Task prompt> The answer should be an exact repeat of the stretch of material below from the line containing "extrude(amount=BOSS_EXTRUDE1_DEPTH, both=True)" through the line containing "# Sketch4 → Boss-Extrude3".

════════

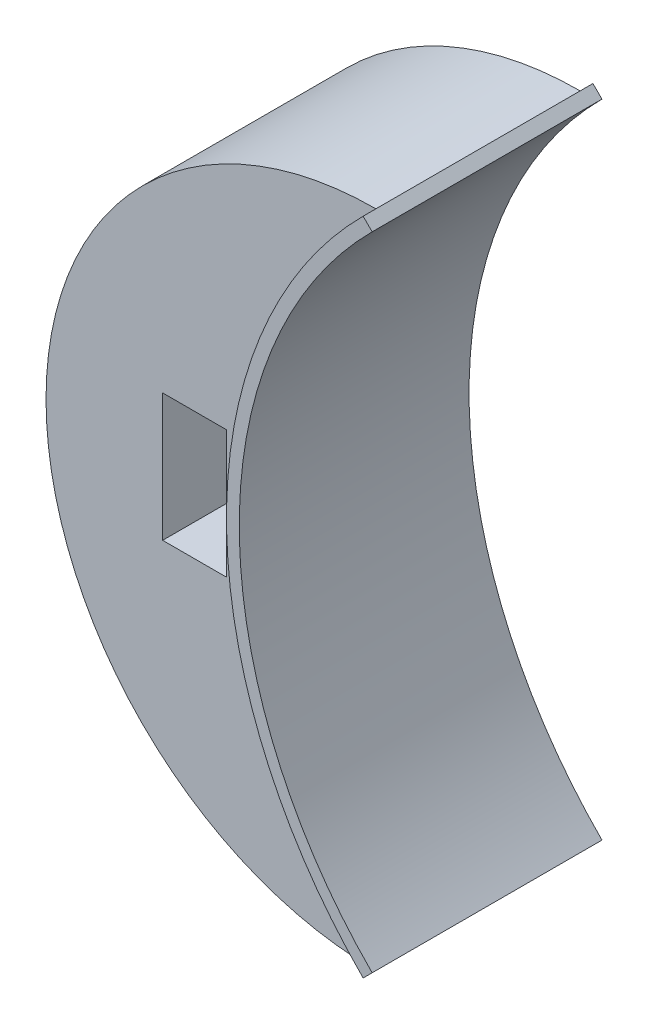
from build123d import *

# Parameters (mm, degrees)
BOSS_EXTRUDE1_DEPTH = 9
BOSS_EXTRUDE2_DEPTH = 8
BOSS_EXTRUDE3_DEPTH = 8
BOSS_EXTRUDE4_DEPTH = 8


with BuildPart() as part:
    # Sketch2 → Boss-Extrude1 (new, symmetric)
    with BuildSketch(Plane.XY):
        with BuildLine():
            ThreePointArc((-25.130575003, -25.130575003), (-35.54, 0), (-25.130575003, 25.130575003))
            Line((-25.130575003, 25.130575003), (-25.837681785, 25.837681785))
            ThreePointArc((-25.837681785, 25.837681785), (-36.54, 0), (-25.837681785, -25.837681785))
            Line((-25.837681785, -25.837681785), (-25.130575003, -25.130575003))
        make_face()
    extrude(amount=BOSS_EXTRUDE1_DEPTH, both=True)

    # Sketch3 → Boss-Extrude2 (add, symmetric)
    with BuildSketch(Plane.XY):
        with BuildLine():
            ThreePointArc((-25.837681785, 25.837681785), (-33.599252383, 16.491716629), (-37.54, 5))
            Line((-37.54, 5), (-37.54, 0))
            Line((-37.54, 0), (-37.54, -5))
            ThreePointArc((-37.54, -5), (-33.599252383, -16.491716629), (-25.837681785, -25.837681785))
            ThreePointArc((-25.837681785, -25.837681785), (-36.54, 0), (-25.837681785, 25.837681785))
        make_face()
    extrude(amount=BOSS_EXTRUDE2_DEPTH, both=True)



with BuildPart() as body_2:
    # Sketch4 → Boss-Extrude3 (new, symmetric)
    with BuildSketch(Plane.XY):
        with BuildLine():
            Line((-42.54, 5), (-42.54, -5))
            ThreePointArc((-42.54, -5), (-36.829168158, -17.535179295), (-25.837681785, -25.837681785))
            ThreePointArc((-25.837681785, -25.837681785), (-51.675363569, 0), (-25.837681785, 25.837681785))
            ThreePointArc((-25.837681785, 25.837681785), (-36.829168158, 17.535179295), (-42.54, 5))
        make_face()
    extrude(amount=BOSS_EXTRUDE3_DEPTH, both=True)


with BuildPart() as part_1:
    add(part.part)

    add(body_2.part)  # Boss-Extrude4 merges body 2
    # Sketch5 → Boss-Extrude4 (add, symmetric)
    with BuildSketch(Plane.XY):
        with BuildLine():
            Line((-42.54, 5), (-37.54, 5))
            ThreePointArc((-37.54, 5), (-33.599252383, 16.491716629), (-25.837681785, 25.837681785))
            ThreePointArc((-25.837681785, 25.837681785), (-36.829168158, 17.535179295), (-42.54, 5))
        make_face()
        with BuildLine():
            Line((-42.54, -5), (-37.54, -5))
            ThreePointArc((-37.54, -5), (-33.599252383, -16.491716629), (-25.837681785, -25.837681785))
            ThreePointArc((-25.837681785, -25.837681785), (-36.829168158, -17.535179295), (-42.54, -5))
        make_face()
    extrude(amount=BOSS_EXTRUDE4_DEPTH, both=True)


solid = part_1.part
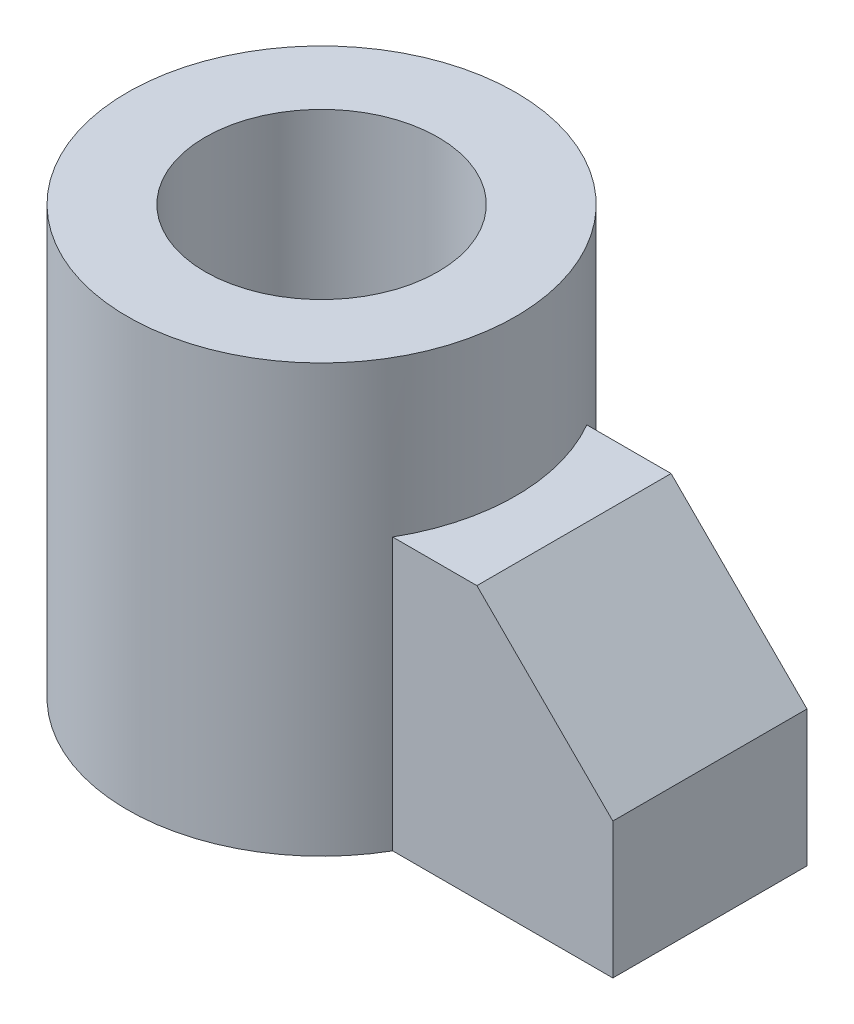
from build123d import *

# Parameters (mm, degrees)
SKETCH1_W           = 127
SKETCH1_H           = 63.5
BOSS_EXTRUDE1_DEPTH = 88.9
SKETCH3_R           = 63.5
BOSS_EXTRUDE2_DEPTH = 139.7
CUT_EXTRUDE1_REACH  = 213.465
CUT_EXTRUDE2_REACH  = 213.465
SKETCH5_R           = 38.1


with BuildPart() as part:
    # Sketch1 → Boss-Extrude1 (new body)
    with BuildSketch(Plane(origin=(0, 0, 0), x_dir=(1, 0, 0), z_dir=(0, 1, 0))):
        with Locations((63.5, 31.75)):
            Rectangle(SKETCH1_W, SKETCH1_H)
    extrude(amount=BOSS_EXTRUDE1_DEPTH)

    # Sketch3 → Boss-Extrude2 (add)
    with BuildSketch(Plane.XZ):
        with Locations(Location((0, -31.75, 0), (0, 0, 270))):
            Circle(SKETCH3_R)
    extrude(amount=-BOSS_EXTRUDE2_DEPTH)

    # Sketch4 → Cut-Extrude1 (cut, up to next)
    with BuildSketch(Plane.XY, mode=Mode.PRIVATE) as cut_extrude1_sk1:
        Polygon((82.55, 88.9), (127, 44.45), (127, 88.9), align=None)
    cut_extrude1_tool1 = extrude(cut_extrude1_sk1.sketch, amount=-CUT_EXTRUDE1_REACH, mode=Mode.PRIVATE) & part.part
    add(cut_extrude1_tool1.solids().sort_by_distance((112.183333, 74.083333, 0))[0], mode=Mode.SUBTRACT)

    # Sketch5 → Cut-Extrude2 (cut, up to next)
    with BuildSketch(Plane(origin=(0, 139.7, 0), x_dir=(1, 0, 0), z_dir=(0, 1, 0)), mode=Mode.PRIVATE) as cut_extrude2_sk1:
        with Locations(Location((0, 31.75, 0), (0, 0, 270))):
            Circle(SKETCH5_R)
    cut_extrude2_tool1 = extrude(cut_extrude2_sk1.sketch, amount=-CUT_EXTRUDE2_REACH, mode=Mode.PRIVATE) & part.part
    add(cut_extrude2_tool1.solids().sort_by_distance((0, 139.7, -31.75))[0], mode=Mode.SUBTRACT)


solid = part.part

════════

Answer box>
    extrude(amount=BOSS_EXTRUDE1_DEPTH, both=True)

    # Sketch3 → Boss-Extrude2 (add, symmetric)
    with BuildSketch(Plane.XY):
        with BuildLine():
            ThreePointArc((-25.837681785, 25.837681785), (-33.599252383, 16.491716629), (-37.54, 5))
            Line((-37.54, 5), (-37.54, 0))
            Line((-37.54, 0), (-37.54, -5))
            ThreePointArc((-37.54, -5), (-33.599252383, -16.491716629), (-25.837681785, -25.837681785))
            ThreePointArc((-25.837681785, -25.837681785), (-36.54, 0), (-25.837681785, 25.837681785))
        make_face()
    extrude(amount=BOSS_EXTRUDE2_DEPTH, both=True)



with BuildPart() as body_2:
    # Sketch4 → Boss-Extrude3 (new, symmetric)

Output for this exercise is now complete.